5 Common Running Injuries and How a Physical Therapist Can Help You Treat Them
Running is a great sport, but it also comes with a 50% risk of sustaining at least one running injury per year! Of those injuries, 50-75% of them are overuse injuries1. Despite these facts, you don’t need to hang up your running shoes! A physical therapist can help you address the underlying cause and help you get back to running!
The Two Main Reasons Why Runners Get Injured:
- Structural Imbalances – Most often, the root cause of running injuries can be attributed to strength imbalances, compensations and altered running patterns. This increases the workload and stress in other areas of your body. This increase leads to pain and breakdown, and eventually shutting you down due to a chronic injury.

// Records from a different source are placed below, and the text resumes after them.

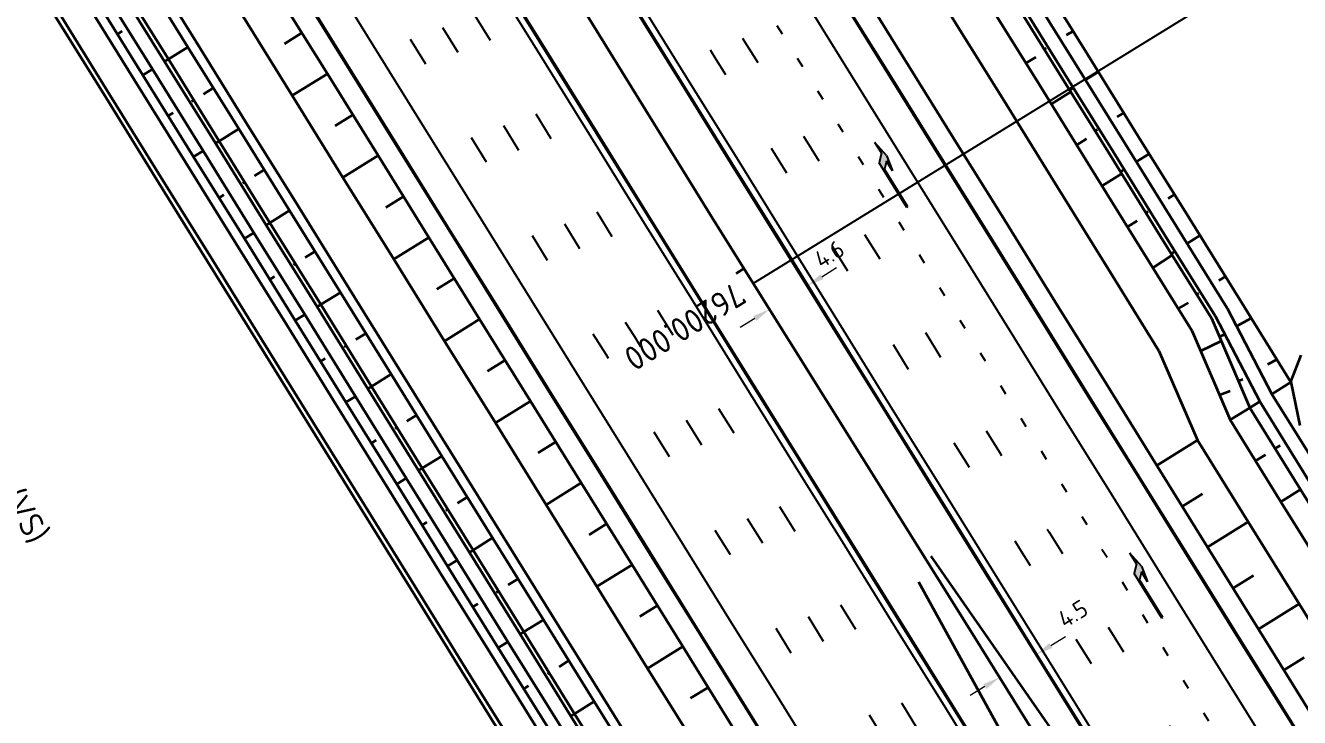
# Model space of a CAD drawing. Header units: metres. Extents: x 134219 to 139178, y 438661 to 444352.
# Drawn here: x 136265.3 to 136397.6, y 441670.8 to 441742.7 of the extents above; entities that cross this region are included whole.
import ezdxf
from ezdxf.enums import TextEntityAlignment as Align

# ---------------------------------------------------------------- set-up
doc = ezdxf.new("R2010")
doc.units = ezdxf.units.M
doc.linetypes.add('13strp', pattern=[4, 1, -3])
doc.linetypes.add('39strp', pattern=[12, 3, -9])
doc.layers.get('DEFPOINTS').update_dxf_attribs({"color": 193})
for name, color, linetype, lineweight in [('N-WE-KL-ET_LS_OV_KABEL-G', 10, 'KL-LS-OV-N', 35), ('N-WE-KL-ET_LS_OV_KABEL-M', 7, 'Continuous', 18), ('N-WE-KL-ET_LS_OV_KABEL-T25', 7, 'Continuous', 25), ('Utd-geleiderail-nw', 8, 'glm a2ee v014$0$f2m40080', 35), ('Utd-ondergr-nw', 8, '13strp', 35), ('X-XX-AL-AANPIJLING-S', 7, 'Continuous', 25)]:
    doc.layers.add(name, color=color, linetype=linetype, lineweight=lineweight)
doc.layers.add('Utd-weg-nw', color=8, linetype='Continuous')
doc.styles.add('alm a2ee v011$0$rtw_iso', font='NLCS-ISO.ttf')
doc.styles.add('NLCS-ISO', font='NLCS-ISO.ttf')
doc.styles.add('NLCS_18', font='NLCS-ISO.ttf', dxfattribs={"height": 1.8})
doc.linetypes.add('glm a2ee v014$0$f2m40080', pattern='A,2,-1,[160,RTW.shx,S=0.5,R=0,X=0,Y=0],-1', length=4)
doc.linetypes.add('KL-LS-OV-N', pattern='A,4,-1,[103,NLCS.SHX,S=0.75,R=0,X=0,Y=0],-1,4,-1.5,["0V",Standard,S=1,R=0,X=0,Y=-0.5],-3', length=14.5)
doc.dimstyles.new('NLCS_t18_pijl_Dimension_l3_h1', dxfattribs={"dimtxt": 1.8, "dimasz": 1.8, "dimexe": 2, "dimexo": 2, "dimgap": 0.7, "dimtad": 1, "dimdec": 1, "dimzin": 0, "dimdsep": 46, "dimtxsty": 'NLCS_18', "dimcen": 2.5, "dimdle": 2, "dimclrd": 256, "dimclre": 256, "dimclrt": 256, "dimadec": 1, "dimazin": 0, "dimtfac": 1, "dimtdec": 1, "dimtofl": 0, "dimtmove": 1, "dimatfit": 0, "dimfxl": 0, "dimtolj": 1, "dimtzin": 0, "dimlwd": 18, "dimlwe": 18, "dimarcsym": 0})

# ---------------------------------------------------------------- blocks, each defined once
blk = doc.blocks.new('Dwm A2 aanvulling$0$pijlre_750')
blk.add_hatch(color=256).paths.add_polyline_path([(5.2, -0.38), (4, -0.38), (5.7, -0.68), (7.5, -0.38), (6.2, -0.38), (5.45, 0.37), (0, 0.37), (0, 0.23), (4.6, 0.23)])
for p, q in [((0, 0.37), (5.45, 0.37)), ((0, 0.37), (0, 0.23)), ((0, 0.23), (4.6, 0.23)), ((5.2, -0.38), (4.6, 0.23)), ((6.2, -0.38), (5.45, 0.37)), ((4, -0.38), (5.2, -0.38)), ((5.7, -0.68), (4, -0.38)), ((5.7, -0.68), (7.5, -0.38)), ((6.2, -0.38), (7.5, -0.38))]:
    blk.add_line(p, q)
blk = doc.blocks.new('*D289')
at = {"layer": 'DEFPOINTS', "color": 0, "transparency": 16777216}
for p in [(136346.45, 441715.63), (136342.54, 441713.2), (136342.54, 441713.2)]:
    blk.add_point(p, dxfattribs=at)
at = {"layer": 'N-WE-KL-ET_LS_OV_KABEL-M', "linetype": 'Continuous', "lineweight": 18, "transparency": 16777216}
for p, q in [((136347.98, 441716.58), (136349.51, 441717.53)), ((136341.01, 441712.25), (136339.48, 441711.3))]:
    blk.add_line(p, q, dxfattribs=at)
at = {"layer": 'N-WE-KL-ET_LS_OV_KABEL-M', "lineweight": 18, "transparency": 16777216}
for p, q in [((136346.45, 441715.63), (136347.51, 441713.94)), ((136342.54, 441713.2), (136343.59, 441711.5))]:
    blk.add_line(p, q, dxfattribs=at)
at = {"layer": 'N-WE-KL-ET_LS_OV_KABEL-M', "transparency": 16777216}
for points in [[(136347.83, 441716.84), (136348.14, 441716.33), (136346.45, 441715.63)], [(136340.85, 441712.51), (136341.17, 441712), (136342.54, 441713.2)]]:
    blk.add_solid(points, dxfattribs=at)
at = {"layer": 'N-WE-KL-ET_LS_OV_KABEL-M', "transparency": 16777216, "insert": (136348.75, 441718.94), "char_height": 1.8, "attachment_point": 5, "rotation": 31.8324, "style": 'NLCS_18'}
blk.add_mtext('\\A1;4.6', dxfattribs=at)
blk = doc.blocks.new('*D290')
at = {"layer": 'DEFPOINTS', "color": 0, "transparency": 16777216}
for p in [(136370.23, 441677.34), (136366.45, 441674.99), (136366.45, 441674.99)]:
    blk.add_point(p, dxfattribs=at)
at = {"layer": 'N-WE-KL-ET_LS_OV_KABEL-M', "lineweight": 18, "transparency": 16777216}
for p, q in [((136370.23, 441677.34), (136369.18, 441679.04)), ((136366.45, 441674.99), (136365.39, 441676.69))]:
    blk.add_line(p, q, dxfattribs=at)
at = {"layer": 'N-WE-KL-ET_LS_OV_KABEL-M', "linetype": 'Continuous', "lineweight": 18, "transparency": 16777216}
for p, q in [((136371.76, 441678.29), (136373.29, 441679.24)), ((136364.92, 441674.04), (136363.39, 441673.09))]:
    blk.add_line(p, q, dxfattribs=at)
at = {"layer": 'N-WE-KL-ET_LS_OV_KABEL-M', "transparency": 16777216}
for points in [[(136371.6, 441678.54), (136371.92, 441678.03), (136370.23, 441677.34)], [(136364.76, 441674.29), (136365.08, 441673.78), (136366.45, 441674.99)]]:
    blk.add_solid(points, dxfattribs=at)
at = {"layer": 'N-WE-KL-ET_LS_OV_KABEL-M', "transparency": 16777216, "insert": (136374.05, 441681.59), "char_height": 1.8, "attachment_point": 5, "rotation": 31.8324, "style": 'NLCS_18'}
blk.add_mtext('\\A1;4.5', dxfattribs=at)

msp = doc.modelspace()

# ---------------------------------------------------------------- linework, layer by layer
at = {"layer": 'N-WE-KL-ET_LS_OV_KABEL-G', "elevation": 1.55, "flags": 128}
msp.add_lwpolyline([(136302.4, 441778.1), (136303.98, 441775.53), (136336.82, 441722.33), (136363.8, 441679.24), (136399.17, 441622.33), (136403.27, 441615.8), (136413.75, 441598.55), (136420.32, 441587.9), (136427.57, 441576.2), (136430.34, 441572.29), (136434.53, 441565.59), (136435.4, 441563.37), (136439.89, 441556.38)], dxfattribs=at)
at = {"layer": 'Utd-geleiderail-nw', "linetype": 'Continuous', "flags": 128}
for points in [[(136379.88, 441658.04), (136359.34, 441687.56)], [(136374.61, 441654.78), (136358.04, 441684.87)]]:
    msp.add_lwpolyline(points, dxfattribs=at)
at = {"layer": 'Utd-ondergr-nw', "color": 7, "linetype": 'Continuous'}
msp.add_line((136339.93, 441717.47), (136339.08, 441716.94), dxfattribs=at)
at = {"layer": 'Utd-ondergr-nw', "linetype": 'Continuous', "flags": 128}
for points in [[(136274.05, 441900.21), (136279.32, 441891.71), (136284.6, 441883.22), (136289.87, 441874.72), (136295.14, 441866.23), (136300.42, 441857.73), (136305.69, 441849.23), (136310.97, 441840.74), (136316.24, 441832.24), (136321.52, 441823.75), (136326.79, 441815.25), (136332.07, 441806.76), (136337.34, 441798.26), (136342.62, 441789.77), (136347.89, 441781.27), (136353.17, 441772.77), (136358.44, 441764.28), (136363.72, 441755.78), (136368.99, 441747.29), (136374.27, 441738.79), (136379.54, 441730.3), (136384.82, 441721.8), (136390.09, 441713.31), (136394.73, 441704.41)], [(136272.39, 441899.18), (136277.66, 441890.68), (136282.94, 441882.19), (136288.21, 441873.69), (136293.49, 441865.2), (136298.76, 441856.7), (136304.04, 441848.21), (136309.31, 441839.71), (136314.59, 441831.22), (136319.86, 441822.72), (136325.14, 441814.22), (136330.41, 441805.73), (136335.69, 441797.23), (136340.96, 441788.74), (136346.24, 441780.24), (136351.51, 441771.75), (136356.79, 441763.25), (136362.06, 441754.75), (136367.34, 441746.26), (136372.61, 441737.76), (136377.89, 441729.27), (136383.16, 441720.77), (136388.44, 441712.28), (136392.44, 441702.99)], [(136272.77, 441899.42), (136278.05, 441890.92), (136283.32, 441882.43), (136288.6, 441873.93), (136293.87, 441865.43), (136299.15, 441856.94), (136304.42, 441848.44), (136309.7, 441839.95), (136314.97, 441831.45), (136320.25, 441822.96), (136325.52, 441814.46), (136330.8, 441805.97), (136336.07, 441797.47), (136341.34, 441788.97), (136346.62, 441780.48), (136351.89, 441771.98), (136357.17, 441763.49), (136362.44, 441754.99), (136367.72, 441746.5), (136372.99, 441738), (136378.27, 441729.51), (136383.54, 441721.01), (136388.82, 441712.51), (136393.46, 441703.62)], [(136270.35, 441897.91), (136275.62, 441889.42), (136280.9, 441880.92), (136286.17, 441872.43), (136291.45, 441863.93), (136296.72, 441855.44), (136302, 441846.94), (136307.27, 441838.44), (136312.55, 441829.95), (136317.82, 441821.45), (136323.1, 441812.96), (136328.37, 441804.46), (136333.65, 441795.97), (136338.92, 441787.47), (136344.2, 441778.98), (136349.47, 441770.48), (136354.75, 441761.98), (136360.02, 441753.49), (136365.3, 441744.99), (136370.57, 441736.5), (136375.85, 441728), (136381.12, 441719.51), (136386.4, 441711.01), (136390.4, 441701.72)], [(136266.95, 441895.8), (136272.23, 441887.31), (136277.5, 441878.81), (136282.78, 441870.32), (136288.05, 441861.82), (136293.33, 441853.33), (136298.6, 441844.83), (136303.88, 441836.33), (136309.15, 441827.84), (136314.43, 441819.34), (136319.7, 441810.85), (136324.98, 441802.35), (136330.25, 441793.86), (136335.53, 441785.36), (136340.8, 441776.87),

- Training Volume & Stress – Exercise and running should be viewed as an activity “dose”. Your dose can be altered by how long, often, or fast you run, and what surface you run on. Commonly, when we treat runners with overuse running injuries, they are doing too much of one or more of these categories. The body likes gradual change. When you do too much too fast, the body will have the tendency to break down, causing pain.
Novice runners are more likely to experience an injury compared to veteran runners, and any runner with an injury history is twice as likely to experience the same injury again1. A sad fact is that running injuries and pain with running are the biggest reason why someone gives up the sport. So, let’s break that cycle!
What Are the Most Common Running Injuries That a Physical Therapist Treats?
There is a wide variety of aches and pains that a runner endures. Many of these are not long lasting, especially when treated correctly. Here are some common running injuries that a physical therapist can help you better understand.
Plantar Fasciitis
Plantar fasciitis commonly presents as:
- Pain in the bottom of your foot, often where the arch meets the base of your heel or center of your arch
- Often will feel pain when the foot impacts the ground
- A hallmark sign is pain when you take your first step out of bed in the morning or after sitting for long periods of time
People often treat plantar fasciitis with orthotics, by rolling their foot on a frozen water bottle, or wearing a special sock at night. While these things might help at the time of application, they are often just a band aid. These short term solutions do not get at the root cause of why you are experiencing this pain. A physical therapist is a tissue and movement expert.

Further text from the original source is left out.